> _Goal of the exercise_:
Every line below that contains "copies" is to be copied.

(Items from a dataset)
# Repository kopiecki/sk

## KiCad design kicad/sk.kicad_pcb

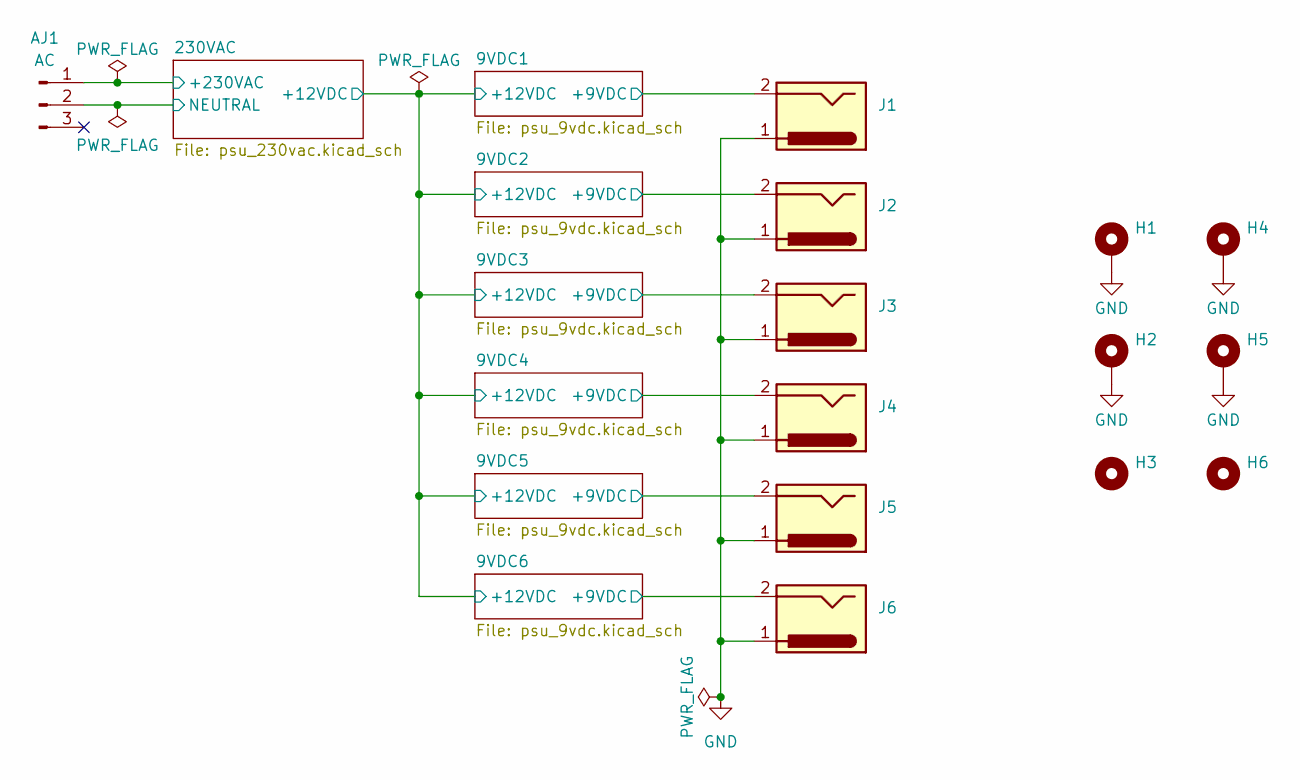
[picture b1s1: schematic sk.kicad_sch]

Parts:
AJ1: AC; 5430373
H1, H2, H4, H5: MountingHole_Pad; MountingHole_2.2mm_M2_ISO14580_Pad
H3, H6: MountingHole; MountingHole_2mm
J1, J2, J3, J4, J5, J6: Barrel_Jack; PJ002A

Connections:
/9VDC1/+9VDC: J1.2; also elsewhere on the board
/9VDC2/+9VDC: J2.2; also elsewhere on the board
/9VDC3/+9VDC: J3.2; also elsewhere on the board
/9VDC4/+9VDC: J4.2; also elsewhere on the board
/9VDC5/+9VDC: J5.2; also elsewhere on the board
/9VDC6/+9VDC: J6.2; also elsewhere on the board
/230VAC/+230VAC: AJ1.1; also elsewhere on the board
/230VAC/NEUTRAL: AJ1.2; also elsewhere on the board
GND: H1.1, H2.1, H4.1, H5.1, J1.1, J2.1, J3.1, J4.1, J5.1, J6.1; also elsewhere on the board

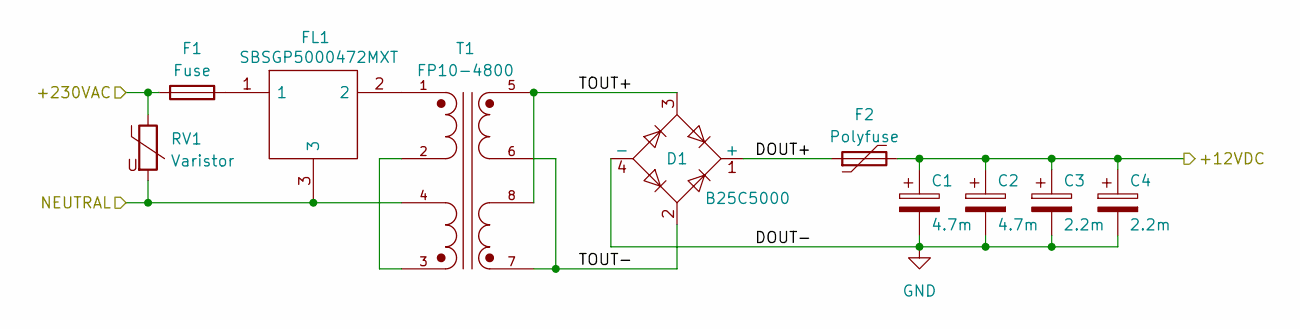
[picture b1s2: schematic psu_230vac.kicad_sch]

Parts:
C1, C2: 4.7m; CAPPRD1000W80D2200H3700
C3, C4: 2.2m; CAPPRD750W80D1600H3800
D1: B25C5000; Diode_Bridge_Vishay_GBU
F1: Fuse; FUSC6125X279N
F2: Polyfuse; FUSC7451X180N
FL1: SBSGP5000472MXT; Manufacturer_Part_Number SBSGP5000472MXT
RV1: Varistor; VARC8250X200N
T1: FP10-4800; XFMR_FP10-4800

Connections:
/230VAC/+12VDC: C1.1, C2.1, C3.1, C4.1, F2.2; also elsewhere on the board
/230VAC/+230VAC: F1.1, RV1.1; also elsewhere on the board
/230VAC/DOUT+: D1.1 (+), F2.1
/230VAC/NEUTRAL: FL1.3, RV1.2, T1.4; also elsewhere on the board
/230VAC/TOUT+: D1.3, T1.5, T1.8
/230VAC/TOUT-: D1.2, T1.6, T1.7
GND: C1.2, C2.2, C3.2, C4.2, D1.4 (-); also elsewhere on the board
unnamed: F1.2, FL1.1
unnamed: FL1.2, T1.1
unnamed: T1.2, T1.3

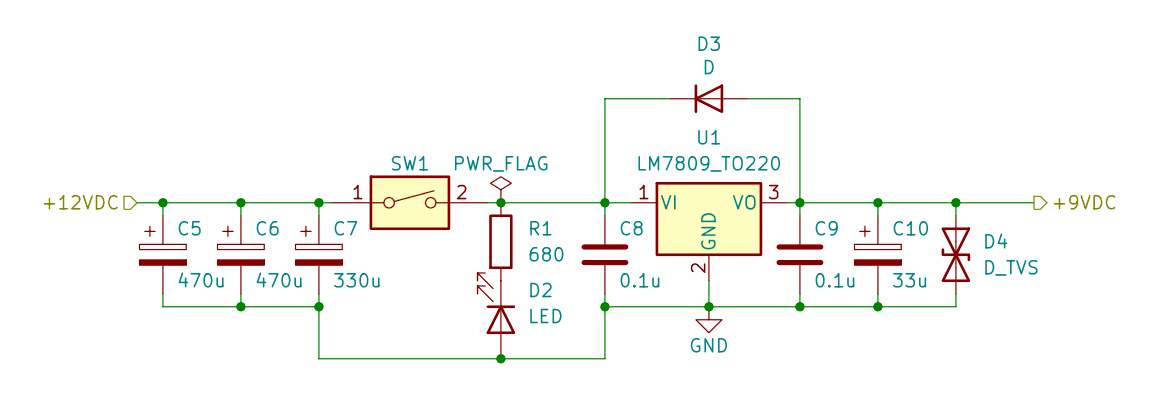
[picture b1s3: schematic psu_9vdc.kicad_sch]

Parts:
C5, C6: 470u; ESH_13X20_
C7: 330u; CAPPRD500W60D1000H2200
C8, C9: 0.1u; C_0805_2012Metric
C10: 33u; EEE0JA152UAP
D2: LED; D_0805_2012Metric
D3: D; SE8D20DHM3H
D4: D_TVS; D_SOD-523
R1: 680; R_0805_2012Metric
SW1: SW_DIP_x01; 200MSP1T1B1M2QEH
U1: LM7809_TO220; TO-220-3_Vertical

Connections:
/9VDC1/+9VDC: C9.1, C10.1, D3.2 (A), D4.1 (A1), U1.3 (VO); also elsewhere on the board
/230VAC/+12VDC: C5.1, C6.1, C7.1, SW1.1; also elsewhere on the board
GND: C5.2, C6.2, C7.2, C8.2, C9.2, C10.2, D2.2 (A), D4.2 (A2), U1.2 (GND); also elsewhere on the board
unnamed: D2.1 (K), R1.2
unnamed: C8.1, D3.1 (K), R1.1, SW1.2, U1.1 (VI)

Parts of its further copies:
C11, C12, C17, C18, C23, C24, C29, C30, C35, C36: 470u; ESH_13X20_
C13, C19, C25, C31, C37: 330u; CAPPRD500W60D1000H2200
C14, C15, C20, C21, C26, C27, C32, C33, C38, C39: 0.1u; C_0805_2012Metric
C16, C22, C28, C34, C40: 33u; EEE0JA152UAP
D5, D8, D11, D14, D17: LED; D_0805_2012Metric
D6, D9, D12, D15, D18: D; SE8D20DHM3H
D7, D10, D13, D16, D19: D_TVS; D_SOD-523
R2, R3, R4, R5, R6: 680; R_0805_2012Metric
SW2, SW3, SW4, SW5, SW6: SW_DIP_x01; 200MSP1T1B1M2QEH
U2, U3, U4, U5, U6: LM7809_TO220; TO-220-3_Vertical

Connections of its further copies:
/9VDC2/+9VDC: C15.1, C16.1, D6.2 (A), D7.1 (A1), U2.3 (VO); also elsewhere on the board
/9VDC3/+9VDC: C21.1, C22.1, D9.2 (A), D10.1 (A1), U3.3 (VO); also elsewhere on the board
/9VDC4/+9VDC: C27.1, C28.1, D12.2 (A), D13.1 (A1), U4.3 (VO); also elsewhere on the board
/9VDC5/+9VDC: C33.1, C34.1, D15.2 (A), D16.1 (A1), U5.3 (VO); also elsewhere on the board
/9VDC6/+9VDC: C39.1, C40.1, D18.2 (A), D19.1 (A1), U6.3 (VO); also elsewhere on the board
/230VAC/+12VDC: C11.1, C12.1, C13.1, C17.1, C18.1, C19.1, C23.1, C24.1, C25.1, C29.1, C30.1, C31.1, C35.1, C36.1, C37.1, SW2.1, SW3.1, SW4.1, SW5.1, SW6.1; also elsewhere on the board
GND: C11.2, C12.2, C13.2, C14.2, C15.2, C16.2, C17.2, C18.2, C19.2, C20.2, C21.2, C22.2, C23.2, C24.2, C25.2, C26.2, C27.2, C28.2, C29.2, C30.2, C31.2, C32.2, C33.2, C34.2, C35.2, C36.2, C37.2, C38.2, C39.2, C40.2, D5.2 (A), D7.2 (A2), D8.2 (A), D10.2 (A2), D11.2 (A), D13.2 (A2), D14.2 (A), D16.2 (A2), D17.2 (A), D19.2 (A2), U2.2 (GND), U3.2 (GND), U4.2 (GND), U5.2 (GND), U6.2 (GND); also elsewhere on the board
unnamed: D5.1 (K), R2.2
unnamed: C14.1, D6.1 (K), R2.1, SW2.2, U2.1 (VI)
unnamed: D8.1 (K), R3.2
unnamed: C20.1, D9.1 (K), R3.1, SW3.2, U3.1 (VI)
unnamed: D11.1 (K), R4.2
unnamed: C26.1, D12.1 (K), R4.1, SW4.2, U4.1 (VI)
unnamed: D14.1 (K), R5.2
unnamed: C32.1, D15.1 (K), R5.1, SW5.2, U5.1 (VI)
unnamed: D17.1 (K), R6.2
unnamed: C38.1, D18.1 (K), R6.1, SW6.2, U6.1 (VI)

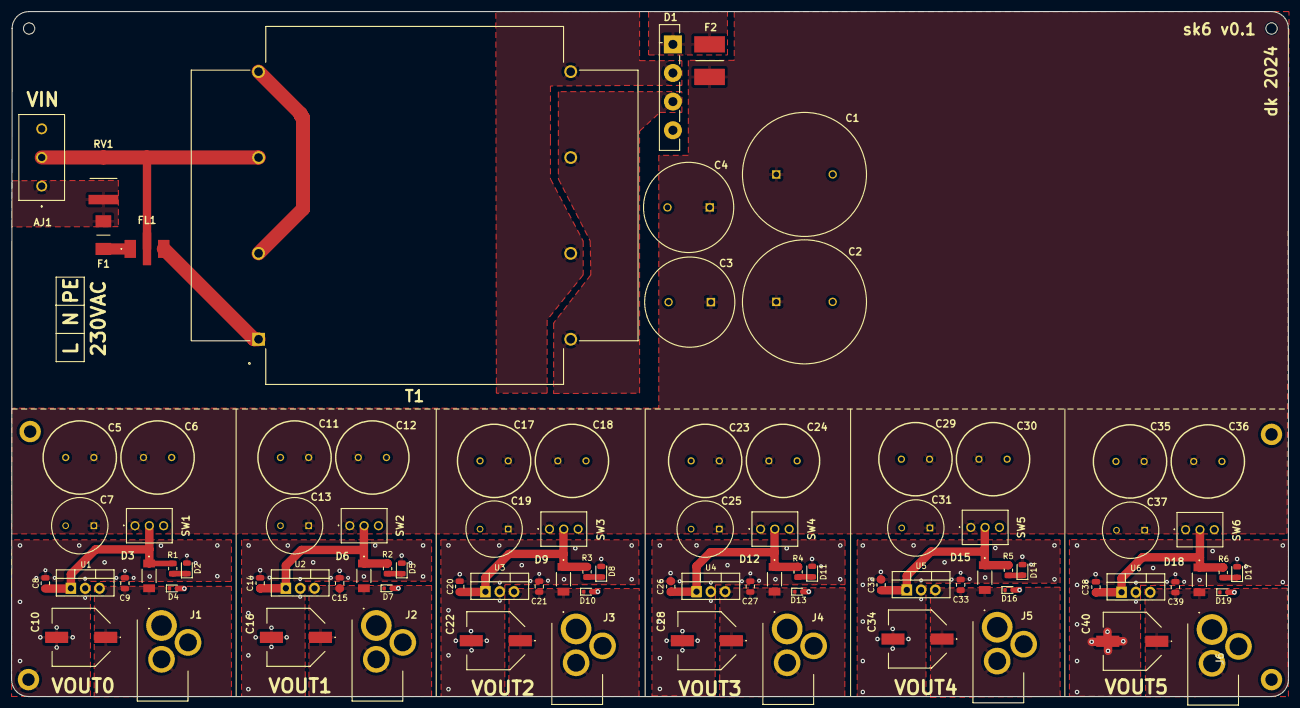
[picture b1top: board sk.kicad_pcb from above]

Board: 2 copper layers, 226.5 x 121.5 mm, 95 parts (0 on the bottom side), 28 nets.

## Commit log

2024-03-10 add kicad files
2024-03-15 Cleanup later
2024-03-15 Post zip cleanups
2024-03-17 Initial PCB layout
2024-03-18 Add more PCB routings
2024-03-19 Make PCB rework
2024-03-20 Enhance PCB
2024-03-21 Post review

> _Exercise solution_:
Parts of its further copies:
Connections of its further copies:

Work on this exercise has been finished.